3. The Trigger Flow: Reserve, Pause, Spill, Resume

The entire Spill to Disk process follows a pause → persist → resume cycle.

Overview

pic2.png

Overall trigger flow: reserve, pause, spill, resume

Reserve Memory: Three-Level Validation

Before each execution round, PipelineTask estimates how much memory the operator will need for the next step, then calls try_reserve() to reserve that amount. This isn't a real malloc, it's a pre-check to determine whether execution should continue before entering operator logic.

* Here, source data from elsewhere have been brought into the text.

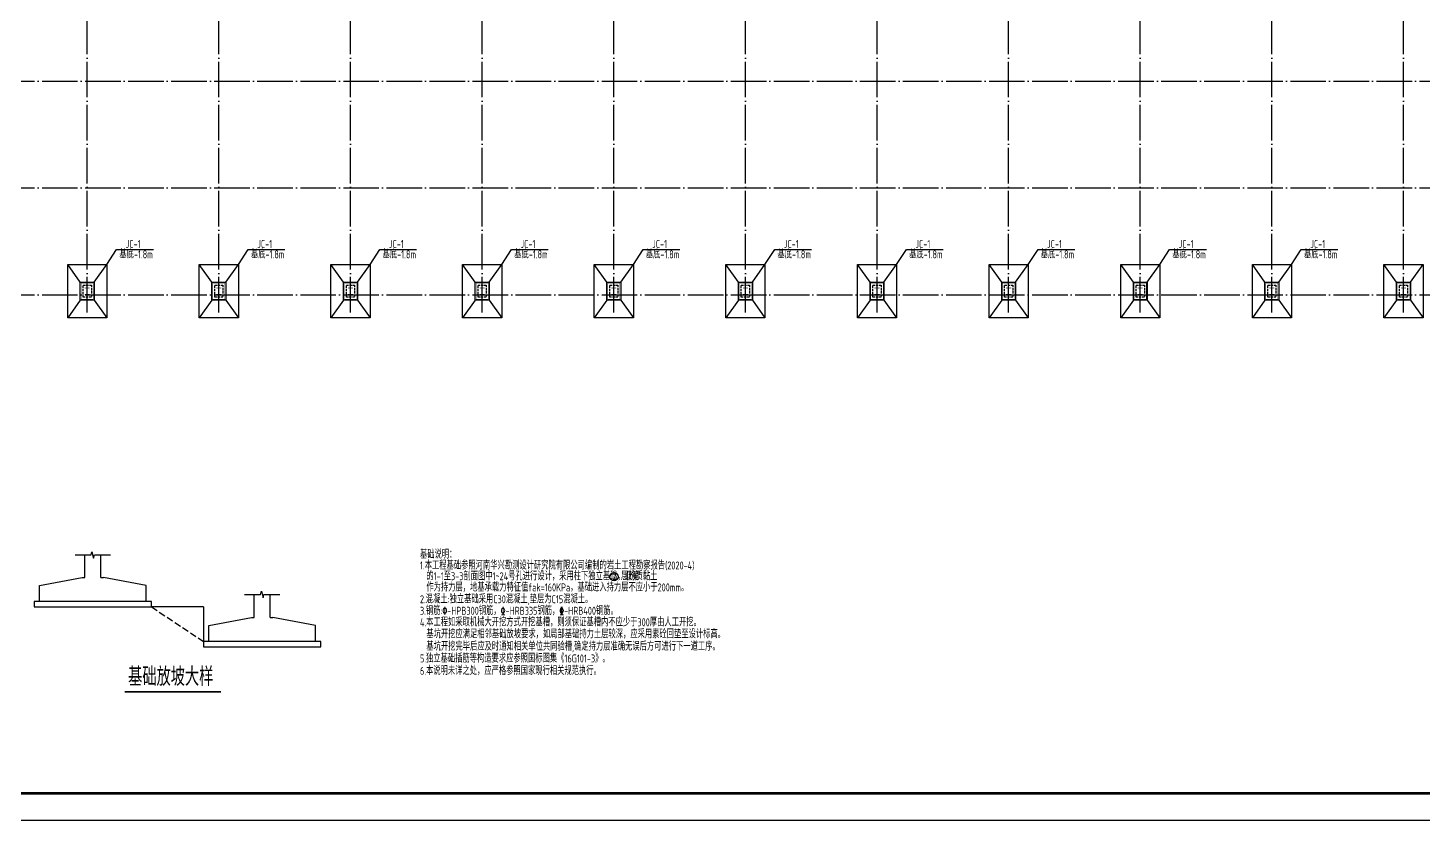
# Model space of a CAD drawing. Extents: x 8844666 to 9156203, y 1662182 to 2655606.
# Drawn here: x 8995652 to 9074089, y 2461494 to 2506044 of the extents above; entities that cross this region are included whole.
import ezdxf

# ---------------------------------------------------------------- set-up
doc = ezdxf.new("R2010")
doc.units = 0
doc.header["$LTSCALE"] = 1000
doc.header["$MEASUREMENT"] = 0
doc.linetypes.add('DASH', pattern=[0.35, 0.25, -0.1])
doc.linetypes.add('DOTE', pattern=[2.42, 2, -0.2, 0.02, -0.2])
doc.layers.get('0').update_dxf_attribs({"linetype": 'CONTINUOUS'})
for name, color, linetype in [('1000', 2, 'CONTINUOUS'), ('1505', 2, 'CONTINUOUS'), ('DIM_SYMB', 3, 'CONTINUOUS'), ('DOTE', 8, 'DOTE'), ('PUB_TEXT', 7, 'CONTINUOUS'), ('PUB_TITLE', 4, 'CONTINUOUS'), ('TEXT', 7, 'CONTINUOUS'), ('一般文字', 6, 'CONTINUOUS'), ('基础', 2, 'CONTINUOUS'), ('柱', 2, 'CONTINUOUS'), ('柱集中标注', 2, 'CONTINUOUS')]:
    doc.layers.add(name, color=color, linetype=linetype)
doc.styles.add('_HZTXT', font='atssdeng.shx', dxfattribs={"width": 0.8, "bigfont": 'atssdchn.shx'})
doc.styles.add('TSSD_REIN', font='atssdeng.shx', dxfattribs={"width": 0.7, "bigfont": 'atssdchn.shx'})

# ---------------------------------------------------------------- blocks, each defined once
blk = doc.blocks.new('32GBG5H5H')
at = {"layer": '1505'}
for p, q in [((5527457, 2140994), (5527457, 2141842)), ((5528057, 2140994), (5528057, 2141842)), ((5525757, 2140694), (5527357, 2140994)), ((5527357, 2140994), (5527457, 2140994)), ((5528057, 2140994), (5528157, 2140994)), ((5529757, 2140694), (5528157, 2140994)), ((5525757, 2140094), (5525757, 2140694)), ((5529757, 2140094), (5529757, 2140694)), ((5533807, 2139495), (5533807, 2140357)), ((5534407, 2139495), (5534407, 2140357)), ((5531907, 2139894), (5529957, 2139894)), ((5531907, 2139894), (5531907, 2138595)), ((5532107, 2139195), (5533707, 2139495)), ((5533707, 2139495), (5533807, 2139495)), ((5534407, 2139495), (5534507, 2139495)), ((5536107, 2139195), (5534507, 2139495)), ((5532107, 2138595), (5532107, 2139195)), ((5536107, 2138595), (5536107, 2139195))]:
    blk.add_line(p, q, dxfattribs=at)
at = {"layer": '1505', "linetype": 'DASH'}
blk.add_line((5529957, 2139894), (5531907, 2138595), dxfattribs=at)
at = {"layer": '1505'}
for points in [[(5527097, 2141842), (5527697, 2141842), (5527727, 2141962), (5527787, 2141722), (5527817, 2141842), (5528417, 2141842)], [(5527097, 2141842), (5527697, 2141842), (5527727, 2141962), (5527787, 2141722), (5527817, 2141842), (5528417, 2141842)], [(5533447, 2140357), (5534047, 2140357), (5534077, 2140477), (5534137, 2140237), (5534167, 2140357), (5534767, 2140357)], [(5533447, 2140357), (5534047, 2140357), (5534077, 2140477), (5534137, 2140237), (5534167, 2140357), (5534767, 2140357)], [(5525557, 2139894), (5529957, 2139894), (5529957, 2140094), (5525557, 2140094), (5525557, 2139894)], [(5531907, 2138395), (5536307, 2138395), (5536307, 2138595), (5531907, 2138595), (5531907, 2138395)]]:
    blk.add_lwpolyline(points, dxfattribs=at)
at = {"layer": 'DIM_SYMB', "const_width": 70}
blk.add_lwpolyline([(5528956, 2136706), (5532563, 2136706)], dxfattribs=at)
at = {"layer": 'TEXT', "ltscale": 99, "style": '_HZTXT', "width": 0.8}
blk.add_text('基础放坡大样', height=700, dxfattribs=at).set_placement((5529083, 2136929))

msp = doc.modelspace()

# ---------------------------------------------------------------- hatches: boundary and pattern name
at = {"layer": '柱'}
for points in [[(8999129.3, 2491040.8), (8998849.3, 2491040.8), (8998849.3, 2491072.8), (8998977.3, 2491072.8), (8998977.3, 2491408.8), (8998849.3, 2491408.8), (8998849.3, 2491440.8), (8999129.3, 2491440.8), (8999129.3, 2491408.8), (8999001.3, 2491408.8), (8999001.3, 2491072.8), (8999129.3, 2491072.8)], [(9006529.3, 2491040.8), (9006249.3, 2491040.8), (9006249.3, 2491072.8), (9006377.3, 2491072.8), (9006377.3, 2491408.8), (9006249.3, 2491408.8), (9006249.3, 2491440.8), (9006529.3, 2491440.8), (9006529.3, 2491408.8), (9006401.3, 2491408.8), (9006401.3, 2491072.8), (9006529.3, 2491072.8)], [(9013929.3, 2491040.8), (9013649.3, 2491040.8), (9013649.3, 2491072.8), (9013777.3, 2491072.8), (9013777.3, 2491408.8), (9013649.3, 2491408.8), (9013649.3, 2491440.8), (9013929.3, 2491440.8), (9013929.3, 2491408.8), (9013801.3, 2491408.8), (9013801.3, 2491072.8), (9013929.3, 2491072.8)], [(9021329.3, 2491040.8), (9021049.3, 2491040.8), (9021049.3, 2491072.8), (9021177.3, 2491072.8), (9021177.3, 2491408.8), (9021049.3, 2491408.8), (9021049.3, 2491440.8), (9021329.3, 2491440.8), (9021329.3, 2491408.8), (9021201.3, 2491408.8), (9021201.3, 2491072.8), (9021329.3, 2491072.8)], [(9028729.3, 2491040.8), (9028449.3, 2491040.8), (9028449.3, 2491072.8), (9028577.3, 2491072.8), (9028577.3, 2491408.8), (9028449.3, 2491408.8), (9028449.3, 2491440.8), (9028729.3, 2491440.8), (9028729.3, 2491408.8), (9028601.3, 2491408.8), (9028601.3, 2491072.8), (9028729.3, 2491072.8)], [(9036129.3, 2491040.8), (9035849.3, 2491040.8), (9035849.3, 2491072.8), (9035977.3, 2491072.8), (9035977.3, 2491408.8), (9035849.3, 2491408.8), (9035849.3, 2491440.8), (9036129.3, 2491440.8), (9036129.3, 2491408.8), (9036001.3, 2491408.8), (9036001.3, 2491072.8), (9036129.3, 2491072.8)], [(9043529.3, 2491040.8), (9043249.3, 2491040.8), (9043249.3, 2491072.8), (9043377.3, 2491072.8), (9043377.3, 2491408.8), (9043249.3, 2491408.8), (9043249.3, 2491440.8), (9043529.3, 2491440.8), (9043529.3, 2491408.8), (9043401.3, 2491408.8), (9043401.3, 2491072.8), (9043529.3, 2491072.8)], [(9050929.3, 2491040.8), (9050649.3, 2491040.8), (9050649.3, 2491072.8), (9050777.3, 2491072.8), (9050777.3, 2491408.8), (9050649.3, 2491408.8), (9050649.3, 2491440.8), (9050929.3, 2491440.8), (9050929.3, 2491408.8), (9050801.3, 2491408.8), (9050801.3, 2491072.8), (9050929.3, 2491072.8)], [(9058329.3, 2491040.8), (9058049.3, 2491040.8), (9058049.3, 2491072.8), (9058177.3, 2491072.8), (9058177.3, 2491408.8), (9058049.3, 2491408.8), (9058049.3, 2491440.8), (9058329.3, 2491440.8), (9058329.3, 2491408.8), (9058201.3, 2491408.8), (9058201.3, 2491072.8), (9058329.3, 2491072.8)], [(9065729.3, 2491040.8), (9065449.3, 2491040.8), (9065449.3, 2491072.8), (9065577.3, 2491072.8), (9065577.3, 2491408.8), (9065449.3, 2491408.8), (9065449.3, 2491440.8), (9065729.3, 2491440.8), (9065729.3, 2491408.8), (9065601.3, 2491408.8), (9065601.3, 2491072.8), (9065729.3, 2491072.8)], [(9073129.3, 2491040.8), (9072849.3, 2491040.8), (9072849.3, 2491072.8), (9072977.3, 2491072.8), (9072977.3, 2491408.8), (9072849.3, 2491408.8), (9072849.3, 2491440.8), (9073129.3, 2491440.8), (9073129.3, 2491408.8), (9073001.3, 2491408.8), (9073001.3, 2491072.8), (9073129.3, 2491072.8)]]:
    msp.add_hatch(color=2, dxfattribs=at).paths.add_polyline_path(points)

# ---------------------------------------------------------------- linework, layer by layer
at = {"layer": '1000', "color": 3, "linetype": 'DASH', "ltscale": 0.5}
for points in [[(8998759.3, 2491580.8), (8999219.3, 2491580.8), (8999219.3, 2490900.8), (8998759.3, 2490900.8)], [(9006159.3, 2491580.8), (9006619.3, 2491580.8), (9006619.3, 2490900.8), (9006159.3, 2490900.8)], [(9013559.3, 2491580.8), (9014019.3, 2491580.8), (9014019.3, 2490900.8), (9013559.3, 2490900.8)], [(9020959.3, 2491580.8), (9021419.3, 2491580.8), (9021419.3, 2490900.8), (9020959.3, 2490900.8)], [(9028359.3, 2491580.8), (9028819.3, 2491580.8), (9028819.3, 2490900.8), (9028359.3, 2490900.8)], [(9035759.3, 2491580.8), (9036219.3, 2491580.8), (9036219.3, 2490900.8), (9035759.3, 2490900.8)], [(9043159.3, 2491580.8), (9043619.3, 2491580.8), (9043619.3, 2490900.8), (9043159.3, 2490900.8)], [(9050559.3, 2491580.8), (9051019.3, 2491580.8), (9051019.3, 2490900.8), (9050559.3, 2490900.8)], [(9057959.3, 2491580.8), (9058419.3, 2491580.8), (9058419.3, 2490900.8), (9057959.3, 2490900.8)], [(9065359.3, 2491580.8), (9065819.3, 2491580.8), (9065819.3, 2490900.8), (9065359.3, 2490900.8)], [(9072759.3, 2491580.8), (9073219.3, 2491580.8), (9073219.3, 2490900.8), (9072759.3, 2490900.8)]]:
    msp.add_lwpolyline(points, close=True, dxfattribs=at)
at = {"layer": 'DOTE'}
for p, q in [((8998989.3, 2490040.8), (8998989.3, 2540040.8)), ((9006389.3, 2490040.8), (9006389.3, 2540040.8)), ((9013789.3, 2490040.8), (9013789.3, 2540040.8)), ((9021189.3, 2490040.8), (9021189.3, 2540040.8)), ((9028589.3, 2490040.8), (9028589.3, 2540040.8)), ((9035989.3, 2490040.8), (9035989.3, 2540040.8)), ((9043389.3, 2490040.8), (9043389.3, 2540040.8)), ((9050789.3, 2490040.8), (9050789.3, 2540040.8)), ((9058189.3, 2490040.8), (9058189.3, 2540040.8)), ((9065589.3, 2490040.8), (9065589.3, 2540040.8)), ((9072989.3, 2490040.8), (9072989.3, 2540040.8)), ((8916589.3, 2503040.8), (9125789.3, 2503040.8)), ((8916589.3, 2497040.8), (9125789.3, 2497040.8)), ((8916589.3, 2491040.8), (9125789.3, 2491040.8))]:
    msp.add_line(p, q, dxfattribs=at)
at = {"layer": 'PUB_TEXT', "color": 4}
msp.add_circle((9028603.5, 2475180.7), 228.2, dxfattribs=at)
at = {"layer": 'PUB_TITLE'}
msp.add_lwpolyline([(8903902.8, 2461493.8), (9156202.8, 2461493.8), (9156202.8, 2550593.8), (8903902.8, 2550593.8)], close=True, dxfattribs=at)
at = {"layer": 'PUB_TITLE', "const_width": 150}
msp.add_lwpolyline([(8907652.8, 2462993.8), (9154702.8, 2462993.8), (9154702.8, 2549093.8), (8907652.8, 2549093.8)], close=True, dxfattribs=at)
at = {"layer": '一般文字', "color": 6}
for points in [[(9000089.3, 2492740.8), (9000639.6, 2493580.4), (9002704.9, 2493580.4)], [(9007489.3, 2492740.8), (9008039.6, 2493580.4), (9010104.9, 2493580.4)], [(9014889.3, 2492740.8), (9015439.6, 2493580.4), (9017504.9, 2493580.4)], [(9022289.3, 2492740.8), (9022839.6, 2493580.4), (9024904.9, 2493580.4)], [(9029689.3, 2492740.8), (9030239.6, 2493580.4), (9032304.9, 2493580.4)], [(9037089.3, 2492740.8), (9037639.6, 2493580.4), (9039704.9, 2493580.4)], [(9044489.3, 2492740.8), (9045039.6, 2493580.4), (9047104.9, 2493580.4)], [(9051889.3, 2492740.8), (9052439.6, 2493580.4), (9054504.9, 2493580.4)], [(9059289.3, 2492740.8), (9059839.6, 2493580.4), (9061904.9, 2493580.4)], [(9066689.3, 2492740.8), (9067239.6, 2493580.4), (9069304.9, 2493580.4)]]:
    msp.add_lwpolyline(points, dxfattribs=at)
at = {"layer": '基础'}
for p, q in [((8998599.3, 2491740.8), (8997889.3, 2492740.8)), ((8999379.3, 2491740.8), (9000089.3, 2492740.8)), ((9005999.3, 2491740.8), (9005289.3, 2492740.8)), ((9006779.3, 2491740.8), (9007489.3, 2492740.8)), ((9013399.3, 2491740.8), (9012689.3, 2492740.8)), ((9014179.3, 2491740.8), (9014889.3, 2492740.8)), ((9020799.3, 2491740.8), (9020089.3, 2492740.8)), ((9021579.3, 2491740.8), (9022289.3, 2492740.8)), ((9028199.3, 2491740.8), (9027489.3, 2492740.8)), ((9028979.3, 2491740.8), (9029689.3, 2492740.8)), ((9035599.3, 2491740.8), (9034889.3, 2492740.8)), ((9036379.3, 2491740.8), (9037089.3, 2492740.8)), ((9042999.3, 2491740.8), (9042289.3, 2492740.8)), ((9043779.3, 2491740.8), (9044489.3, 2492740.8)), ((9050399.3, 2491740.8), (9049689.3, 2492740.8)), ((9051179.3, 2491740.8), (9051889.3, 2492740.8)), ((9057799.3, 2491740.8), (9057089.3, 2492740.8)), ((9058579.3, 2491740.8), (9059289.3, 2492740.8)), ((9065199.3, 2491740.8), (9064489.3, 2492740.8)), ((9065979.3, 2491740.8), (9066689.3, 2492740.8)), ((9072599.3, 2491740.8), (9071889.3, 2492740.8)), ((9073379.3, 2491740.8), (9074089.3, 2492740.8)), ((8998599.3, 2490740.8), (8997889.3, 2489740.8)), ((8999379.3, 2490740.8), (9000089.3, 2489740.8)), ((9005999.3, 2490740.8), (9005289.3, 2489740.8)), ((9006779.3, 2490740.8), (9007489.3, 2489740.8)), ((9013399.3, 2490740.8), (9012689.3, 2489740.8)), ((9014179.3, 2490740.8), (9014889.3, 2489740.8)), ((9020799.3, 2490740.8), (9020089.3, 2489740.8)), ((9021579.3, 2490740.8), (9022289.3, 2489740.8)), ((9028199.3, 2490740.8), (9027489.3, 2489740.8)), ((9028979.3, 2490740.8), (9029689.3, 2489740.8)), ((9035599.3, 2490740.8), (9034889.3, 2489740.8)), ((9036379.3, 2490740.8), (9037089.3, 2489740.8)), ((9042999.3, 2490740.8), (9042289.3, 2489740.8)), ((9043779.3, 2490740.8), (9044489.3, 2489740.8)), ((9050399.3, 2490740.8), (9049689.3, 2489740.8)), ((9051179.3, 2490740.8), (9051889.3, 2489740.8)), ((9057799.3, 2490740.8), (9057089.3, 2489740.8)), ((9058579.3, 2490740.8), (9059289.3, 2489740.8)), ((9065199.3, 2490740.8), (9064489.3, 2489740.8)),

try_reserve() validates three constraints simultaneously:

pic3.png

Three-level reserve validation

Key design note: When enable_reserve_memory is on, QueryContext will disable the query tracker's immediate hard check. Apache Doris prefers that queries enter a "pausable and spillable" path rather than failing immediately when a limit is hit.

Proactive Spill Trigger

Beyond the passive trigger (reserve failure), PipelineTask also checks proactively whether spill should be initiated early. Spill triggers when all three conditions are met simultaneously:

ConditionDescription
reserve_size × parallelism > query_limit / 5The estimated reserve for this round is large relative to the query limit (exceeds 20% across concurrency dimensions)
System under high memory pressureQuery memory usage ≥ 90%, or Workload Group touches low/high watermark
revocable_mem × parallelism ≥ query_limit × 20%Current revocable memory in the pipeline is large enough to be worth spilling

The goal of the proactive spill trigger is to avoid waiting until memory allocation fails. It proactively converts revocable memory to disk state when it detects memory under high pressure.

Paused Query State

When a reserve fails or proactive revoking triggers, the query enters a Paused state:

  • Records the pause reason (QUERY_MEMORY_EXCEEDED / WG_MEMORY_EXCEEDED / PROCESS_MEMORY_EXCEEDED)
  • Enables low memory mode
  • Blocks on memory_sufficient_dependency

The query stops executing and waits for WorkloadGroupMgr to handle it.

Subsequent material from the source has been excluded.